Note: Ensure you have your respective API keys (OpenAI, Gemini) configured in your backend .env file before initiating a match. Backend runs on http://localhost:8000. Frontend on http://localhost:5173.

turing-arena/
├── backend/
│   ├── api/
│   │   └── main.py              # FastAPI app, endpoints, WebSocket handler
│   ├── game_orchestrator.py     # Game lifecycle, turn management, broadcasting
│   └── players/
│       ├── base_player.py       # AIPlayer protocol (the uniform interface)
│       ├── uci_adapter.py       # Stockfish / UCI engine adapter
│       ├── llm_adapter.py       # Unified LLM adapter with fallback logic
│       └── llm_providers/
│           ├── base_llm.py      # Abstract base + shared prompt engineering
│           ├── gemini_provider.py
│           ├── openai_provider.py
│           └── claude_provider.py
├── frontend/                    # SvelteKit app (in active development)
├── stockfish.exe                # Engine binary (not committed, see setup)
├── main.py                      # Uvicorn entry point
├── ROADMAP.md                   # Phased development plan
└── README.md

The project is in early development.
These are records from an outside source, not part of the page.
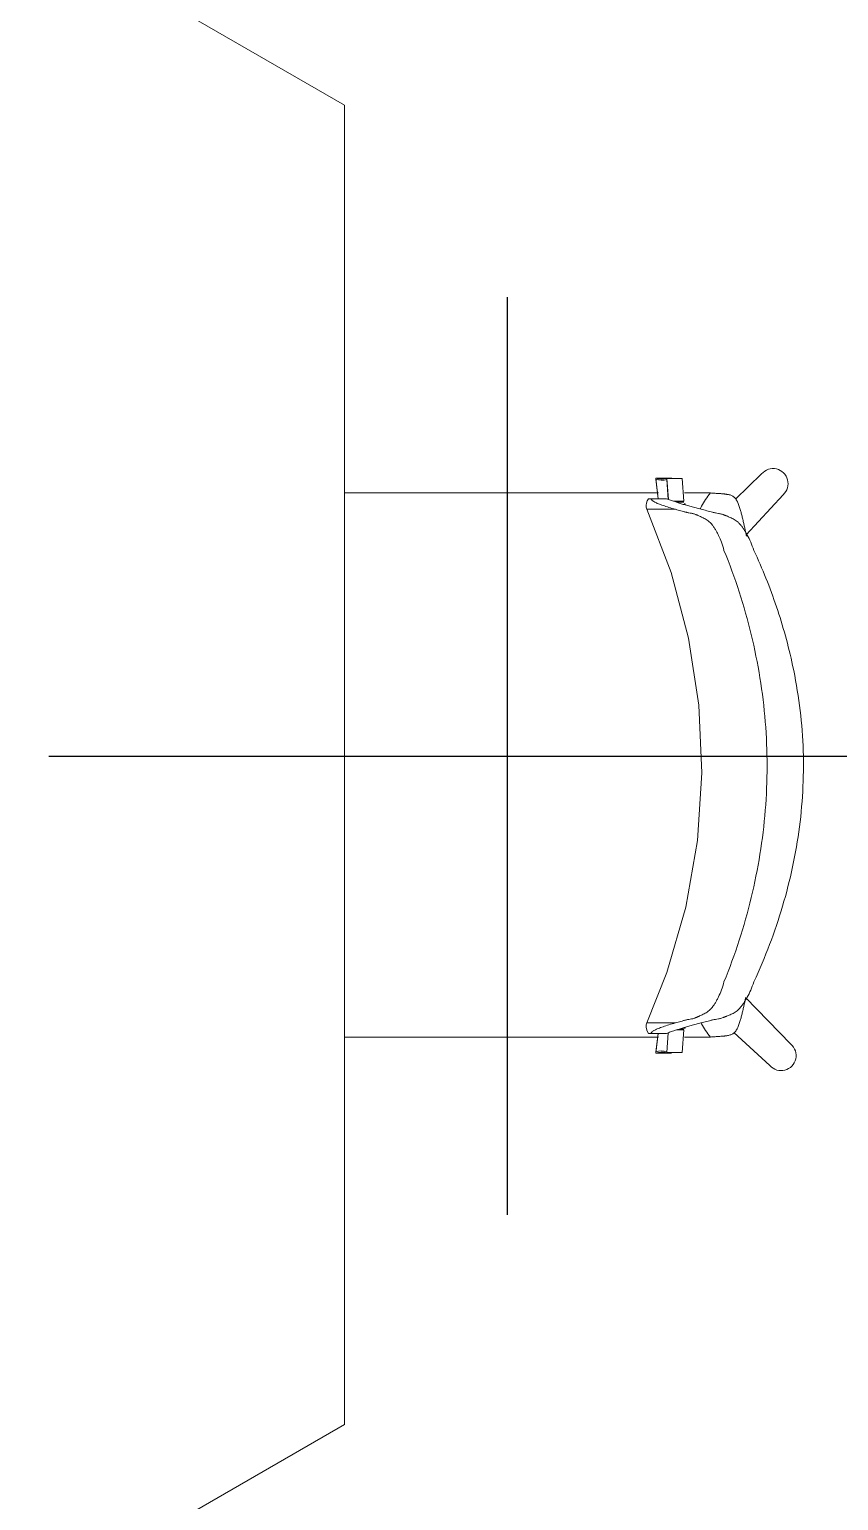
# Model space of a CAD drawing. Header units: millimetres. Extents: x 155920 to 295199, y -4084 to 97293.
# Drawn here: x 168976 to 169682, y 18495 to 19778 of the extents above; entities that cross this region are included whole.
import ezdxf

# ---------------------------------------------------------------- set-up
doc = ezdxf.new("R2010")
doc.units = ezdxf.units.MM
doc.header["$MEASUREMENT"] = 0
doc.layers.add('I-FURN', color=8, linetype='CONTINUOUS', lineweight=9)
doc.layers.add('Social Distancing', color=7, linetype='CONTINUOUS')

msp = doc.modelspace()

# ---------------------------------------------------------------- linework, layer by layer
at = {"layer": 'I-FURN'}
for p, q in [((169250.7, 19711.5), (168254.7, 20286.5)), ((169250.7, 18561.5), (169250.7, 19711.5)), ((169522.1, 19386.5), (169524.3, 19368.4)), ((169535.5, 19386.5), (169522.1, 19386.5)), ((169522.1, 19385.6), (169524.2, 19368.4)), ((169533.1, 19367.9), (169531.8, 19386.2)), ((169531.8, 19386.2), (169545.2, 19386.2)), ((169533, 19367.9), (169531.8, 19385.3)), ((169545.2, 19386.2), (169546.5, 19366.3)), ((169614.4, 19390.2), (169591.7, 19368.1)), ((169513.9, 19364.5), (169514.7, 19366.6)), ((169514.7, 19366.6), (169515.9, 19368.4)), ((169531.6, 19368.4), (169517.9, 19368.4)), ((169600.9, 19336.9), (169633.2, 19372)), ((169513.7, 19363), (169513.9, 19364.5)), ((169513.8, 19361.1), (169513.7, 19363)), ((169514.3, 19359.3), (169513.8, 19361.1)), ((169514.3, 19359.3), (169535.6, 19304.2)), ((169546.5, 19366.3), (169537.7, 19366.3)), ((169546.5, 19365.4), (169540.6, 19365.4)), ((169535.6, 19304.2), (169550.8, 19247)), ((169550.8, 19247), (169559.7, 19188.6)), ((169559.7, 19188.6), (169562.2, 19129.5)), ((169562.2, 19129.5), (169558.4, 19070.5)), ((169558.4, 19070.5), (169548.2, 19012.3)), ((169548.2, 19012.3), (169531.8, 18955.5)), ((169531.8, 18955.5), (169514.3, 18911.5)), ((169639.9, 18893), (169600.4, 18933.6)), ((169513.8, 18909.7), (169513.7, 18907.8)), ((169513.7, 18907.8), (169513.9, 18906.3)), ((169514.3, 18911.5), (169513.8, 18909.7)), ((169513.9, 18906.3), (169514.7, 18904.2)), ((169540.6, 18905.5), (169546.5, 18905.5)), ((169543.5, 18906.4), (169546.5, 18906.4)), ((169546.5, 18905.5), (169545.2, 18885.6)), ((169514.7, 18904.2), (169515.9, 18902.4)), ((169531.6, 18902.4), (169517.9, 18902.4)), ((169524.2, 18902.4), (169522.1, 18885.2)), ((169524.1, 18902.4), (169522.1, 18886.2)), ((169531.8, 18885.6), (169533, 18902.9)), ((169590.1, 18903.2), (169621.6, 18874.3)), ((169522.1, 18885.2), (169535.4, 18885.2)), ((169545.2, 18885.6), (169531.8, 18885.6)), ((168254.8, 17986.5), (169250.7, 18561.5))]:
    msp.add_line(p, q, dxfattribs=at)
for centre, start, end in [((169624.4, 19381.7), 311.9896, 139.6059), ((169631.4, 18883), 221.9662, 49.5824)]:
    msp.add_arc(centre, 13.1, start, end, dxfattribs=at)
for centre, start_param, end_param in [((169527.5, 19403), 2.819103, 3.398599), ((169527.5, 19402.1), 2.819103, 3.398599), ((169540.9, 19403), 2.819103, 2.902745), ((169527.5, 18869.7), 6.026179, 6.605675), ((169527.5, 18868.7), 6.026179, 6.605675), ((169540.8, 18868.7), 0.238848, 0.322489)]:
    msp.add_ellipse(centre, major_axis=(0, 17.4), ratio=0.978487, start_param=start_param, end_param=end_param, dxfattribs=at)
for points, knots in [([(169250.4, 19373.7), (169250.5, 19373.7), (169255.7, 19373.7), (169266, 19373.7), (169281.3, 19373.7), (169296.4, 19373.7), (169309, 19373.7), (169319.1, 19373.7), (169326.8, 19373.7), (169334.4, 19373.7), (169344.4, 19373.7), (169356.8, 19373.7), (169369.1, 19373.7), (169379.1, 19373.7), (169386.7, 19373.7), (169394.2, 19373.7), (169404.2, 19373.7), (169416.7, 19373.7), (169429.1, 19373.7), (169439.2, 19373.7), (169446.9, 19373.7), (169454.6, 19373.7), (169464.6, 19373.7), (169477.1, 19373.7), (169492.2, 19373.7), (169507.6, 19373.7), (169518.4, 19373.7), (169523.9, 19373.7), (169524.4, 19373.7)], [-0.751114, -0.751114, -0.751114, -0.751114, -0.75, -0.7142857, -0.6785714, -0.6428571, -0.6071429, -0.5892857, -0.5714286, -0.5535714, -0.5357143, -0.5, -0.4642857, -0.4464286, -0.4285714, -0.4107143, -0.3928571, -0.3571429, -0.3214286, -0.3035714, -0.2857143, -0.2678571, -0.25, -0.2142857, -0.1785714, -0.1428571, -0.1071429, -0.103964, -0.103964, -0.103964, -0.103964]), ([(169517.9, 19368.4), (169517.4, 19368.4), (169516.6, 19368.4), (169515.9, 19368.4), (169515.8, 19368.4), (169516.4, 19368.4), (169517.2, 19368.4), (169517.6, 19368.4)], [0, 0, 0, 0, 0.125, 0.25, 0.375, 0.5, 0.5837817, 0.5837817, 0.5837817, 0.5837817]), ([(169569.9, 19373.5), (169568.3, 19371.6), (169565.5, 19367.8), (169562.6, 19363.1), (169561.3, 19360.3), (169560.9, 19359.5)], [0, 0, 0, 0, 0.02777778, 0.05555556, 0.06696683, 0.06696683, 0.06696683, 0.06696683]), ([(169569.9, 19373.5), (169571, 19373.4), (169572.6, 19373.3), (169574.6, 19373.2), (169575.7, 19373.1), (169576.5, 19373.1), (169577.3, 19373), (169578.3, 19373), (169579.5, 19372.9), (169580.8, 19372.8), (169581.7, 19372.7), (169582.2, 19372.6), (169582.6, 19372.6), (169583, 19372.5), (169583.5, 19372.4), (169584.3, 19372.3), (169585.5, 19372.1), (169586.9, 19371.8), (169588.1, 19371.3), (169589.3, 19370.7), (169590.5, 19369.8), (169591.4, 19368.8), (169592.1, 19368), (169592.5, 19367.3), (169592.9, 19366.6), (169593.4, 19365.6), (169594, 19364.3), (169594.6, 19362.6), (169595.2, 19360.8), (169595.8, 19359.1), (169596.2, 19357.5), (169596.7, 19355.9), (169597.1, 19354.3), (169597.6, 19352.4), (169598.1, 19350), (169599.2, 19345.5), (169600, 19341.8), (169600.5, 19339.5)], [0, 0, 0, 0, 0.0625, 0.09375, 0.109375, 0.125, 0.140625, 0.15625, 0.1875, 0.21875, 0.234375, 0.242188, 0.25, 0.257812, 0.265625, 0.28125, 0.3125, 0.34375, 0.375, 0.40625, 0.4375, 0.46875, 0.484375, 0.5, 0.515625, 0.53125, 0.5625, 0.59375, 0.625, 0.65625, 0.6875, 0.71875, 0.75, 0.78125, 0.8125, 0.875, 1, 1, 1, 1]), ([(169515, 19359.3), (169515.2, 19359.3), (169515.9, 19359.3), (169517.8, 19359.3), (169521.7, 19359.3), (169529, 19359.3), (169535.5, 19359.3), (169539.2, 19359.3)], [0.4444444, 0.4444444, 0.4444444, 0.4444444, 0.5138889, 0.5833333, 0.7222222, 0.8611111, 1, 1, 1, 1]), ([(169538.7, 19366), (169540.6, 19365.3), (169543.8, 19364.2), (169548.8, 19362.8), (169552.9, 19361.7), (169557.2, 19360.5), (169561.7, 19359.3), (169565.7, 19358.3), (169569.1, 19357.4), (169571.2, 19356.8), (169572.9, 19356.4), (169574.6, 19356.1), (169576.3, 19355.8), (169578, 19355.5), (169579.4, 19355.1), (169580.6, 19354.8), (169581.4, 19354.5), (169581.9, 19354.3), (169582.3, 19354.1), (169582.7, 19353.9), (169583.2, 19353.7), (169584.1, 19353.4), (169585.4, 19352.8), (169587.1, 19352.2), (169588.7, 19351.4), (169590.5, 19350.5), (169592.2, 19349.4), (169593.6, 19348.2), (169594.6, 19347.3), (169595.2, 19346.7), (169595.6, 19346.2), (169596, 19345.7), (169596.5, 19345.1), (169597.5, 19343.9), (169598.8, 19342), (169600.4, 19339.5), (169602.5, 19335.9), (169604.9, 19330.8), (169606.8, 19326.1), (169607.7, 19323.5)], [0, 0, 0, 0, 0.142857, 0.214286, 0.285714, 0.357143, 0.428571, 0.5, 0.535714, 0.571429, 0.589286, 0.607143, 0.642857, 0.660714, 0.678571, 0.696429, 0.705357, 0.709821, 0.714286, 0.71875, 0.723214, 0.732143, 0.75, 0.767857, 0.785714, 0.803571, 0.821429, 0.839286, 0.848214, 0.852679, 0.857143, 0.861607, 0.866071, 0.875, 0.892857, 0.910714, 0.928571, 0.964286, 1, 1, 1, 1]), ([(169581.6, 19323.5), (169580.9, 19326), (169579.4, 19330.7), (169577.3, 19335.7), (169575.5, 19339.3), (169574.1, 19341.8), (169572.8, 19343.7), (169572, 19344.9), (169571.5, 19345.5), (169571.1, 19346), (169570.7, 19346.5), (169570.2, 19347.1), (169569.2, 19348), (169567.8, 19349.2), (169566.1, 19350.4), (169564.4, 19351.4), (169562.7, 19352.2), (169561.1, 19352.9), (169559.8, 19353.5), (169558.9, 19353.9), (169558.5, 19354.1), (169558.1, 19354.3), (169557.8, 19354.4), (169557.3, 19354.6), (169556.5, 19354.9), (169555.5, 19355.3), (169554.3, 19355.6), (169552.9, 19355.9), (169551.4, 19356.1), (169549.9, 19356.4), (169548.8, 19356.7), (169547.5, 19357), (169546, 19357.4), (169543.2, 19358.2), (169540.8, 19358.8), (169539.2, 19359.3)], [0, 0, 0, 0, 0.0625, 0.125, 0.15625, 0.1875, 0.21875, 0.234375, 0.242188, 0.25, 0.257812, 0.265625, 0.28125, 0.3125, 0.34375, 0.375, 0.40625, 0.4375, 0.46875, 0.484375, 0.492188, 0.5, 0.507812, 0.515625, 0.53125, 0.5625, 0.59375, 0.625, 0.6875, 0.71875, 0.75, 0.78125, 0.8125, 0.875, 1, 1, 1, 1]), ([(169581.6, 18947.3), (169586.5, 18959.2), (169595.3, 18983.4), (169609.3, 19033), (169619.7, 19096.7), (169619.7, 19174.2), (169609.3, 19237.9), (169595.3, 19287.4), (169586.5, 19311.6), (169581.6, 19323.5)], [-1, -1, -1, -1, -0.9, -0.8, -0.6, -0.4, -0.2, -0.1, 0, 0, 0, 0]), ([(169607.7, 19323.5), (169615.1, 19307.5), (169628.3, 19274.6), (169644.1, 19217.7), (169652.6, 19153.2), (169649.4, 19082.2), (169636.9, 19024.4), (169621.8, 18979.7), (169612.7, 18958), (169607.7, 18947.3)], [-1, -1, -1, -1, -0.863636, -0.727273, -0.545455, -0.363636, -0.181818, -0.090909, 0, 0, 0, 0]), ([(169607.7, 18947.3), (169606.8, 18944.7), (169604.9, 18940), (169602.5, 18934.9), (169600.4, 18931.3), (169598.8, 18928.8), (169597.5, 18927), (169596.5, 18925.8), (169596, 18925.1), (169595.6, 18924.6), (169595.2, 18924.1), (169594.6, 18923.6), (169593.6, 18922.6), (169592.2, 18921.5), (169590.5, 18920.3), (169588.7, 18919.4), (169587.1, 18918.6), (169585.4, 18918), (169584.1, 18917.5), (169583.2, 18917.1), (169582.7, 18916.9), (169582.3, 18916.7), (169581.9, 18916.6), (169581.4, 18916.4), (169580.6, 18916), (169579.4, 18915.7), (169578, 18915.3), (169576.3, 18915), (169574.6, 18914.7), (169572.9, 18914.4), (169571.6, 18914.1), (169570.3, 18913.8), (169568.6, 18913.3), (169565.7, 18912.6), (169561.7, 18911.5), (169557.2, 18910.3), (169552.9, 18909.2), (169548.8, 18908), (169545.1, 18906.9), (169541.7, 18905.9), (169539.6, 18905.2), (169538.7, 18904.8)], [0, 0, 0, 0, 0.035714, 0.071429, 0.089286, 0.107143, 0.125, 0.133929, 0.138393, 0.142857, 0.147321, 0.151786, 0.160714, 0.178571, 0.196429, 0.214286, 0.232143, 0.25, 0.267857, 0.276786, 0.28125, 0.285714, 0.290179, 0.294643, 0.303571, 0.321429, 0.339286, 0.357143, 0.392857, 0.410714, 0.428571, 0.446429, 0.464286, 0.5, 0.571429, 0.642857, 0.714286, 0.785714, 0.857143, 0.928571, 1, 1, 1, 1]), ([(169539.2, 18911.5), (169540.8, 18912), (169543.2, 18912.6), (169546, 18913.4), (169547.5, 18913.8), (169548.8, 18914.1), (169549.9, 18914.4), (169551.4, 18914.7), (169552.9, 18914.9), (169554.3, 18915.2), (169555.5, 18915.5), (169556.5, 18915.9), (169557.3, 18916.2), (169557.8, 18916.4), (169558.1, 18916.6), (169558.5, 18916.7), (169558.9, 18917), (169559.8, 18917.3), (169561.1, 18917.9), (169562.7, 18918.6), (169564.4, 18919.4), (169566.1, 18920.4), (169567.8, 18921.6), (169569.2, 18922.8), (169570.2, 18923.7), (169570.7, 18924.3), (169571.1, 18924.8), (169571.5, 18925.3), (169572, 18925.9), (169572.8, 18927.2), (169574.1, 18929), (169575.5, 18931.5), (169577.3, 18935.1), (169579.4, 18940.1), (169580.9, 18944.8), (169581.6, 18947.3)], [0, 0, 0, 0, 0.125, 0.1875, 0.21875, 0.25, 0.28125, 0.3125, 0.375, 0.40625, 0.4375, 0.46875, 0.484375, 0.492188, 0.5, 0.507812, 0.515625, 0.53125, 0.5625, 0.59375, 0.625, 0.65625, 0.6875, 0.71875, 0.734375, 0.742188, 0.75, 0.757812, 0.765625, 0.78125, 0.8125, 0.84375, 0.875, 0.9375, 1, 1, 1, 1]), ([(169600.5, 18933.3), (169600, 18930.9), (169599.2, 18927.2), (169598.1, 18922.8), (169597.6, 18920.3), (169597.1, 18918.4), (169596.7, 18916.8), (169596.2, 18915.2), (169595.8, 18913.6), (169595.2, 18911.9), (169594.6, 18910.1), (169594, 18908.4), (169593.4, 18907.1), (169592.9, 18906.1), (169592.5, 18905.4), (169592.1, 18904.8), (169591.4, 18903.9), (169590.5, 18902.9), (169589.3, 18902), (169588.1, 18901.4), (169586.9, 18901), (169585.5, 18900.6), (169584.3, 18900.4), (169583.5, 18900.3), (169583, 18900.2), (169582.6, 18900.2), (169582.2, 18900.1), (169581.7, 18900.1), (169580.8, 18900), (169579.5, 18899.9), (169578.3, 18899.8), (169577.3, 18899.7), (169576.5, 18899.6), (169575.7, 18899.6), (169574.6, 18899.5), (169572.6, 18899.4), (169571, 18899.3), (169569.9, 18899.2)], [0, 0, 0, 0, 0.125, 0.1875, 0.21875, 0.25, 0.28125, 0.3125, 0.34375, 0.375, 0.40625, 0.4375, 0.46875, 0.484375, 0.5, 0.515625, 0.53125, 0.5625, 0.59375, 0.625, 0.65625, 0.6875, 0.71875, 0.734375, 0.742188, 0.75, 0.757812, 0.765625, 0.78125, 0.8125, 0.84375, 0.859375, 0.875, 0.890625, 0.90625, 0.9375, 1, 1, 1, 1]), ([(169524.6, 18911.5), (169522.8, 18911.5), (169519.7, 18911.5), (169517.1, 18911.5), (169515.7, 18911.5), (169515.2, 18911.5), (169515, 18911.5)], [0.2252271, 0.2252271, 0.2252271, 0.2252271, 0.3333333, 0.4444444, 0.5, 0.5555556, 0.5555556, 0.5555556, 0.5555556]), ([(169561.6, 18911.9), (169561.7, 18911.5), (169562.9, 18909.2), (169565.5, 18904.9), (169568.3, 18901.1), (169569.9, 18899.2)], [0.93933321, 0.93933321, 0.93933321, 0.93933321, 0.94444444, 0.97222222, 1, 1, 1, 1]), ([(169524.5, 18899), (169523.8, 18899), (169520.5, 18899), (169514.6, 18899), (169506.8, 18899), (169499.1, 18899), (169489, 18899), (169476.6, 18899), (169464.4, 18899), (169454.5, 18899), (169446.9, 18899), (169439.3, 18899), (169429.3, 18899), (169416.8, 18899), (169401.9, 18899), (169386.8, 18899), (169371.6, 18899), (169356.7, 18899), (169344.2, 18899), (169334.1, 18899), (169326.4, 18899), (169318.8, 18899), (169308.8, 18899), (169296.3, 18899), (169283.8, 18899), (169273.8, 18899), (169266.1, 18899), (169258.5, 18899), (169253.3, 18899), (169250.6, 18899), (169250.4, 18899)], [-0.8977274, -0.8977274, -0.8977274, -0.8977274, -0.8928571, -0.875, -0.8571429, -0.8392857, -0.8214286, -0.7857143, -0.75, -0.7321429, -0.7142857, -0.6964286, -0.6785714, -0.6428571, -0.6071429, -0.5714286, -0.5357143, -0.5, -0.4642857, -0.4464286, -0.4285714, -0.4107143, -0.3928571, -0.3571429, -0.3214286, -0.3035714, -0.2857143, -0.2678571, -0.25, -0.2485148, -0.2485148, -0.2485148, -0.2485148]), ([(169517.6, 18902.4), (169517.2, 18902.4), (169516.4, 18902.4), (169515.8, 18902.4), (169515.9, 18902.4), (169516.6, 18902.4), (169517.4, 18902.4), (169517.9, 18902.4)], [0.4171888, 0.4171888, 0.4171888, 0.4171888, 0.5, 0.625, 0.75, 0.875, 1, 1, 1, 1])]:
    msp.add_open_spline(points, degree=3, knots=knots, dxfattribs=at)
for points in [[(169539.2, 19359.3), (169537.2, 19359.8), (169533.4, 19360.9), (169528.4, 19362.6), (169524.2, 19364.1), (169521, 19365.6), (169518.8, 19367.1), (169518.1, 19368), (169517.9, 19368.4)], [(169531.6, 19368.4), (169532.7, 19368), (169534.9, 19367.2), (169537.4, 19366.4), (169538.7, 19366)], [(169547.1, 19373.7), (169553.6, 19373.7), (169559.9, 19373.7), (169566, 19373.7)], [(169566, 19373.7), (169566.7, 19373.7), (169568, 19373.6), (169569.3, 19373.5), (169569.9, 19373.5)], [(169548.1, 19363.1), (169547.8, 19363.5), (169547.6, 19363.9), (169547.3, 19364.2)], [(169601.2, 19335.8), (169600.9, 19337), (169600.7, 19338.2), (169600.5, 19339.5)], [(169600.5, 19339.5), (169600.7, 19338.3), (169600.9, 19337.1), (169601.2, 19335.9)], [(169517.9, 18902.4), (169518.1, 18902.8), (169518.8, 18903.8), (169521, 18905.2), (169524.2, 18906.7), (169528.4, 18908.2), (169533.4, 18909.9), (169537.2, 18911), (169539.2, 18911.5)], [(169539.2, 18911.5), (169536.2, 18911.5), (169530.9, 18911.5), (169526.6, 18911.5), (169524.8, 18911.5)], [(169538.7, 18904.8), (169537.4, 18904.4), (169534.9, 18903.6), (169532.7, 18902.8), (169531.6, 18902.4)], [(169547.3, 18906.6), (169547.6, 18907), (169547.8, 18907.3), (169548.1, 18907.7)], [(169566, 18899), (169559.9, 18899), (169553.6, 18899), (169547.1, 18899)], [(169569.9, 18899.2), (169569.3, 18899.2), (169568, 18899.1), (169566.7, 18899.1), (169566, 18899)]]:
    msp.add_open_spline(points, degree=3, dxfattribs=at)
at = {"layer": 'Social Distancing'}
for p, q in [((169392.7, 18744.1), (169392.7, 19544.1)), ((169392.7, 18744.1), (169392.7, 19544.1)), ((168992.7, 19144.1), (169792.7, 19144.1)), ((168992.7, 19144.1), (169792.7, 19144.1))]:
    msp.add_line(p, q, dxfattribs=at)
msp.add_circle((169392.7, 19144.1), 1000, dxfattribs=at)
msp.add_circle((169392.7, 19144.1), 1000, dxfattribs=at)

doc.saveas('drawing.dxf')

If you want to contribute:

• Adding a new AI provider → implement BaseLLMProvider, wire it in llm_adapter.py
• Adding a new game → the game module interface is designed to be pluggable (see ROADMAP.md Phase 4)
• Frontend → SvelteKit, TypeScript, open issues for specific components

Open an issue before starting large PRs so we can align on approach.

MIT

Turing Arena is built to answer a practical question:

How do different AI systems behave when making sequential decisions under constraints?

Not whether they “think.” Not whether they are “intelligent.”

Just what they actually do when forced to act.